January, the month of beginnings. The hopeful New Year baby, cheerfully pushing aside the tired Old Year graybeard. A time to be enthusiastic, optimistic.
And yet, I'm depressed. Not for my own life, which is purring along quite smoothly, thank you. But for the civilization in which I live.
Is it just me? Don't you have the feeling that nothing is working out right? That we're not just going through a downbeat phase, but that we are well advanced into a long-term era of secular decline? That we -- you and me, the folks apt to be reading this post -- resemble those reasonably well-off Romans in the Late Empire, nice folks who went about worrying about getting promotions and helping their kids get into good schools, not noticing what was happening around them? That the economic foundations of their civilization had already collapsed and that they were living off the assets of the past, that their culture was increasingly debased, that the barbarians were storming the gates -- maybe not yet gates close at hand, but Roman gates they had never stormed before?
I don't mean by all this just that I'm perturbed that the Pac-10 and Big Ten did so poorly against the SEC and other boorish, no-account conferences, although that hasn't improved my mood any.
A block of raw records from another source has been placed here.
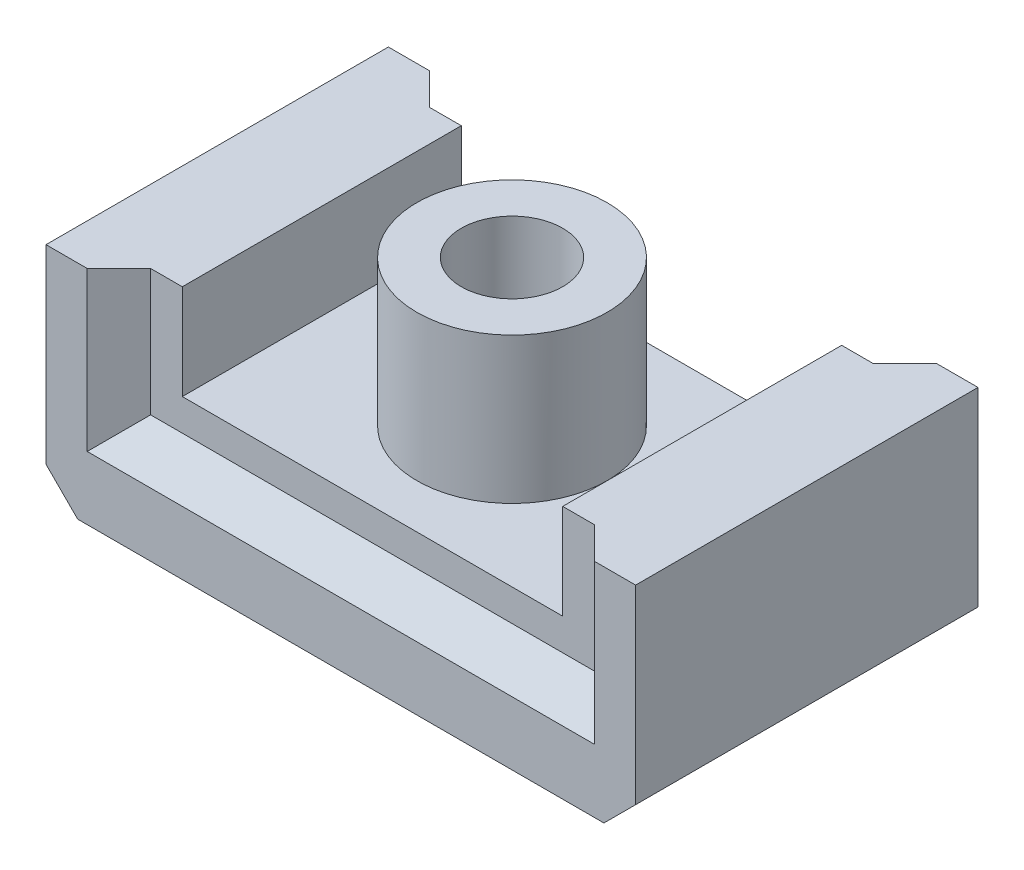
ISO-10303-21;
HEADER;
FILE_DESCRIPTION(('STEP AP214'),'2;1');
FILE_NAME('part.step','',(''),(''),'','','');
FILE_SCHEMA(('AUTOMOTIVE_DESIGN { 1 0 10303 214 1 1 1 1 }'));
ENDSEC;
DATA;
#1=APPLICATION_CONTEXT('core data for automotive mechanical design processes');
#2=APPLICATION_PROTOCOL_DEFINITION('international standard','automotive_design',2000,#1);
#3=PRODUCT_CONTEXT('',#1,'mechanical');
#4=PRODUCT('Part','Part','',(#3));
#5=PRODUCT_RELATED_PRODUCT_CATEGORY('part','',(#4));
#6=PRODUCT_DEFINITION_FORMATION('','',#4);
#7=PRODUCT_DEFINITION_CONTEXT('part definition',#1,'design');
#8=PRODUCT_DEFINITION('design','',#6,#7);
#9=PRODUCT_DEFINITION_SHAPE('','',#8);
#10=(LENGTH_UNIT() NAMED_UNIT(*) SI_UNIT(.MILLI.,.METRE.));
#11=(NAMED_UNIT(*) PLANE_ANGLE_UNIT() SI_UNIT($,.RADIAN.));
#12=(NAMED_UNIT(*) SI_UNIT($,.STERADIAN.) SOLID_ANGLE_UNIT());
#13=UNCERTAINTY_MEASURE_WITH_UNIT(LENGTH_MEASURE(1.E-05),#10,'distance_accuracy_value','');
#14=(GEOMETRIC_REPRESENTATION_CONTEXT(3) GLOBAL_UNCERTAINTY_ASSIGNED_CONTEXT((#13)) GLOBAL_UNIT_ASSIGNED_CONTEXT((#10,
#11,#12)) REPRESENTATION_CONTEXT('',''));
#15=CARTESIAN_POINT('',(0.,0.,0.));
#16=DIRECTION('',(0.,0.,1.));
#17=DIRECTION('',(1.,0.,0.));
#18=AXIS2_PLACEMENT_3D('',#15,#16,#17);
#19=CARTESIAN_POINT('',(15.3,7.,10.8));
#20=DIRECTION('',(1.,0.,0.));
#21=DIRECTION('',(0.,0.,-1.));
#22=AXIS2_PLACEMENT_3D('',#19,#20,#21);
#23=PLANE('',#22);
#24=DIRECTION('',(0.,-1.,0.));
#25=VECTOR('',#24,1.);
#26=CARTESIAN_POINT('',(15.3,7.,9.8));
#27=LINE('',#26,#25);
#28=CARTESIAN_POINT('',(15.3,7.,9.8));
#29=VERTEX_POINT('',#28);
#30=CARTESIAN_POINT('',(15.3,4.,9.8));
#31=VERTEX_POINT('',#30);
#32=EDGE_CURVE('E193',#29,#31,#27,.T.);
#33=ORIENTED_EDGE('',*,*,#32,.F.);
#34=DIRECTION('',(0.,0.,-1.));
#35=VECTOR('',#34,1.);
#36=CARTESIAN_POINT('',(15.3,7.,10.8));
#37=LINE('',#36,#35);
#38=CARTESIAN_POINT('',(15.3,7.,1.));
#39=VERTEX_POINT('',#38);
#40=EDGE_CURVE('E258',#29,#39,#37,.T.);
#41=ORIENTED_EDGE('',*,*,#40,.T.);
#42=DIRECTION('',(0.,1.,0.));
#43=VECTOR('',#42,1.);
#44=CARTESIAN_POINT('',(15.3,7.,1.));
#45=LINE('',#44,#43);
#46=CARTESIAN_POINT('',(15.3,4.,1.));
#47=VERTEX_POINT('',#46);
#48=EDGE_CURVE('E216',#47,#39,#45,.T.);
#49=ORIENTED_EDGE('',*,*,#48,.F.);
#50=DIRECTION('',(0.,0.,-1.));
#51=VECTOR('',#50,1.);
#52=CARTESIAN_POINT('',(15.3,4.,10.8));
#53=LINE('',#52,#51);
#54=EDGE_CURVE('E256',#31,#47,#53,.T.);
#55=ORIENTED_EDGE('',*,*,#54,.F.);
#56=EDGE_LOOP('',(#33,#41,#49,#55));
#57=FACE_BOUND('',#56,.T.);
#58=ADVANCED_FACE('F33',(#57),#23,.F.);
#59=CARTESIAN_POINT('',(15.3,4.,10.8));
#60=DIRECTION('',(0.,-1.,0.));
#61=DIRECTION('',(0.,0.,-1.));
#62=AXIS2_PLACEMENT_3D('',#59,#60,#61);
#63=PLANE('',#62);
#64=CARTESIAN_POINT('',(9.3,4.,5.4));
#65=DIRECTION('',(0.,-1.,0.));
#66=DIRECTION('',(0.,0.,-1.));
#67=AXIS2_PLACEMENT_3D('',#64,#65,#66);
#68=CIRCLE('',#67,3.);
#69=CARTESIAN_POINT('',(9.3,4.,2.4));
#70=VERTEX_POINT('',#69);
#71=EDGE_CURVE('E262',#70,#70,#68,.F.);
#72=ORIENTED_EDGE('',*,*,#71,.F.);
#73=EDGE_LOOP('',(#72));
#74=FACE_BOUND('',#73,.T.);
#75=DIRECTION('',(-1.,0.,0.));
#76=VECTOR('',#75,1.);
#77=CARTESIAN_POINT('',(15.3,4.,9.8));
#78=LINE('',#77,#76);
#79=CARTESIAN_POINT('',(3.3,4.,9.8));
#80=VERTEX_POINT('',#79);
#81=EDGE_CURVE('E191',#31,#80,#78,.T.);
#82=ORIENTED_EDGE('',*,*,#81,.F.);
#83=ORIENTED_EDGE('',*,*,#54,.T.);
#84=DIRECTION('',(1.,0.,0.));
#85=VECTOR('',#84,1.);
#86=CARTESIAN_POINT('',(15.3,4.,1.));
#87=LINE('',#86,#85);
#88=CARTESIAN_POINT('',(3.3,4.,1.));
#89=VERTEX_POINT('',#88);
#90=EDGE_CURVE('E213',#89,#47,#87,.T.);
#91=ORIENTED_EDGE('',*,*,#90,.F.);
#92=DIRECTION('',(0.,0.,-1.));
#93=VECTOR('',#92,1.);
#94=CARTESIAN_POINT('',(3.3,4.,10.8));
#95=LINE('',#94,#93);
#96=EDGE_CURVE('E254',#80,#89,#95,.T.);
#97=ORIENTED_EDGE('',*,*,#96,.F.);
#98=EDGE_LOOP('',(#82,#83,#91,#97));
#99=FACE_BOUND('',#98,.T.);
#100=ADVANCED_FACE('F362',(#74,#99),#63,.F.);
#101=CARTESIAN_POINT('',(3.3,4.,10.8));
#102=DIRECTION('',(-1.,0.,0.));
#103=DIRECTION('',(0.,0.,1.));
#104=AXIS2_PLACEMENT_3D('',#101,#102,#103);
#105=PLANE('',#104);
#106=DIRECTION('',(0.,1.,0.));
#107=VECTOR('',#106,1.);
#108=CARTESIAN_POINT('',(3.3,4.,9.8));
#109=LINE('',#108,#107);
#110=CARTESIAN_POINT('',(3.3,7.,9.8));
#111=VERTEX_POINT('',#110);
#112=EDGE_CURVE('E188',#80,#111,#109,.T.);
#113=ORIENTED_EDGE('',*,*,#112,.F.);
#114=ORIENTED_EDGE('',*,*,#96,.T.);
#115=DIRECTION('',(0.,-1.,0.));
#116=VECTOR('',#115,1.);
#117=CARTESIAN_POINT('',(3.3,4.,1.));
#118=LINE('',#117,#116);
#119=CARTESIAN_POINT('',(3.3,7.,1.));
#120=VERTEX_POINT('',#119);
#121=EDGE_CURVE('E199',#120,#89,#118,.T.);
#122=ORIENTED_EDGE('',*,*,#121,.F.);
#123=DIRECTION('',(0.,0.,-1.));
#124=VECTOR('',#123,1.);
#125=CARTESIAN_POINT('',(3.3,7.,10.8));
#126=LINE('',#125,#124);
#127=EDGE_CURVE('E252',#111,#120,#126,.T.);
#128=ORIENTED_EDGE('',*,*,#127,.F.);
#129=EDGE_LOOP('',(#113,#114,#122,#128));
#130=FACE_BOUND('',#129,.T.);
#131=ADVANCED_FACE('F366',(#130),#105,.F.);
#132=CARTESIAN_POINT('',(18.6,7.,10.8));
#133=DIRECTION('',(0.,-1.,0.));
#134=DIRECTION('',(0.,0.,-1.));
#135=AXIS2_PLACEMENT_3D('',#132,#133,#134);
#136=PLANE('',#135);
#137=DIRECTION('',(1.,0.,0.));
#138=VECTOR('',#137,1.);
#139=CARTESIAN_POINT('',(17.3,7.,9.8));
#140=LINE('',#139,#138);
#141=CARTESIAN_POINT('',(16.3,7.,9.8));
#142=VERTEX_POINT('',#141);
#143=EDGE_CURVE('E164',#29,#142,#140,.T.);
#144=ORIENTED_EDGE('',*,*,#143,.T.);
#145=DIRECTION('',(-0.707106781186551,0.,-0.707106781186544));
#146=VECTOR('',#145,1.);
#147=CARTESIAN_POINT('',(17.95,7.,11.45));
#148=LINE('',#147,#146);
#149=CARTESIAN_POINT('',(17.3,7.,10.8));
#150=VERTEX_POINT('',#149);
#151=EDGE_CURVE('E11',#142,#150,#148,.F.);
#152=ORIENTED_EDGE('',*,*,#151,.T.);
#153=DIRECTION('',(-1.,0.,0.));
#154=VECTOR('',#153,1.);
#155=CARTESIAN_POINT('',(18.6,7.,10.8));
#156=LINE('',#155,#154);
#157=CARTESIAN_POINT('',(18.6,7.,10.8));
#158=VERTEX_POINT('',#157);
#159=EDGE_CURVE('E162',#158,#150,#156,.T.);
#160=ORIENTED_EDGE('',*,*,#159,.F.);
#161=DIRECTION('',(0.,0.,-1.));
#162=VECTOR('',#161,1.);
#163=CARTESIAN_POINT('',(18.6,7.,10.8));
#164=LINE('',#163,#162);
#165=CARTESIAN_POINT('',(18.6,7.,0.));
#166=VERTEX_POINT('',#165);
#167=EDGE_CURVE('E260',#158,#166,#164,.T.);
#168=ORIENTED_EDGE('',*,*,#167,.T.);
#169=DIRECTION('',(-1.,0.,0.));
#170=VECTOR('',#169,1.);
#171=CARTESIAN_POINT('',(18.6,7.,0.));
#172=LINE('',#171,#170);
#173=CARTESIAN_POINT('',(17.3,7.,0.));
#174=VERTEX_POINT('',#173);
#175=EDGE_CURVE('E246',#166,#174,#172,.T.);
#176=ORIENTED_EDGE('',*,*,#175,.T.);
#177=DIRECTION('',(-0.707106781186551,0.,0.707106781186544));
#178=VECTOR('',#177,1.);
#179=CARTESIAN_POINT('',(12.55,7.,4.74999999999995));
#180=LINE('',#179,#178);
#181=CARTESIAN_POINT('',(16.3,7.,1.));
#182=VERTEX_POINT('',#181);
#183=EDGE_CURVE('E292',#174,#182,#180,.T.);
#184=ORIENTED_EDGE('',*,*,#183,.T.);
#185=DIRECTION('',(1.,0.,0.));
#186=VECTOR('',#185,1.);
#187=CARTESIAN_POINT('',(17.3,7.,1.));
#188=LINE('',#187,#186);
#189=EDGE_CURVE('E200',#39,#182,#188,.T.);
#190=ORIENTED_EDGE('',*,*,#189,.F.);
#191=ORIENTED_EDGE('',*,*,#40,.F.);
#192=EDGE_LOOP('',(#144,#152,#160,#168,#176,#184,#190,#191));
#193=FACE_BOUND('',#192,.T.);
#194=ADVANCED_FACE('F160',(#193),#136,.F.);
#195=CARTESIAN_POINT('',(3.3,7.,10.8));
#196=DIRECTION('',(0.,-1.,0.));
#197=DIRECTION('',(0.,0.,-1.));
#198=AXIS2_PLACEMENT_3D('',#195,#196,#197);
#199=PLANE('',#198);
#200=DIRECTION('',(-1.,0.,0.));
#201=VECTOR('',#200,1.);
#202=CARTESIAN_POINT('',(3.3,7.,10.8));
#203=LINE('',#202,#201);
#204=CARTESIAN_POINT('',(1.3,7.,10.8));
#205=VERTEX_POINT('',#204);
#206=CARTESIAN_POINT('',(0.,7.,10.8));
#207=VERTEX_POINT('',#206);
#208=EDGE_CURVE('E174',#205,#207,#203,.T.);
#209=ORIENTED_EDGE('',*,*,#208,.F.);
#210=DIRECTION('',(-0.707106781186551,0.,0.707106781186544));
#211=VECTOR('',#210,1.);
#212=CARTESIAN_POINT('',(2.30000000000001,7.,9.8));
#213=LINE('',#212,#211);
#214=CARTESIAN_POINT('',(2.30000000000001,7.,9.8));
#215=VERTEX_POINT('',#214);
#216=EDGE_CURVE('E42',#205,#215,#213,.F.);
#217=ORIENTED_EDGE('',*,*,#216,.T.);
#218=EDGE_CURVE('E185',#215,#111,#140,.T.);
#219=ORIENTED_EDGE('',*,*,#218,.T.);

No, my thoughts turn to even weightier matters.
For example, in yesterday's
New York Times, columnist David Brooks argues that the average American has lost confidence in our political institutions, in our scientists, in our foreign policy, and in our business leaders. Most of all, the average American has totally lost confidence in what Brooks calls "our educated classes." "
Every single idea associated with the educated class has grown more unpopular over the past year," he claims.
I've spent too much time watching football this past week, which has given me an exposure to the world of television that I usually lack. The commercials! Ad after ad glorifies an image of the American citizen, and especially the adult American male, as an idiotic, loud-mouthed adolescent -- an ersatz teenager, with all of a teenager's understandable immaturity and gross behaviors, but with none of a true teenager's hopes of growing up and becoming educated into a more intelligent and sensitive human being.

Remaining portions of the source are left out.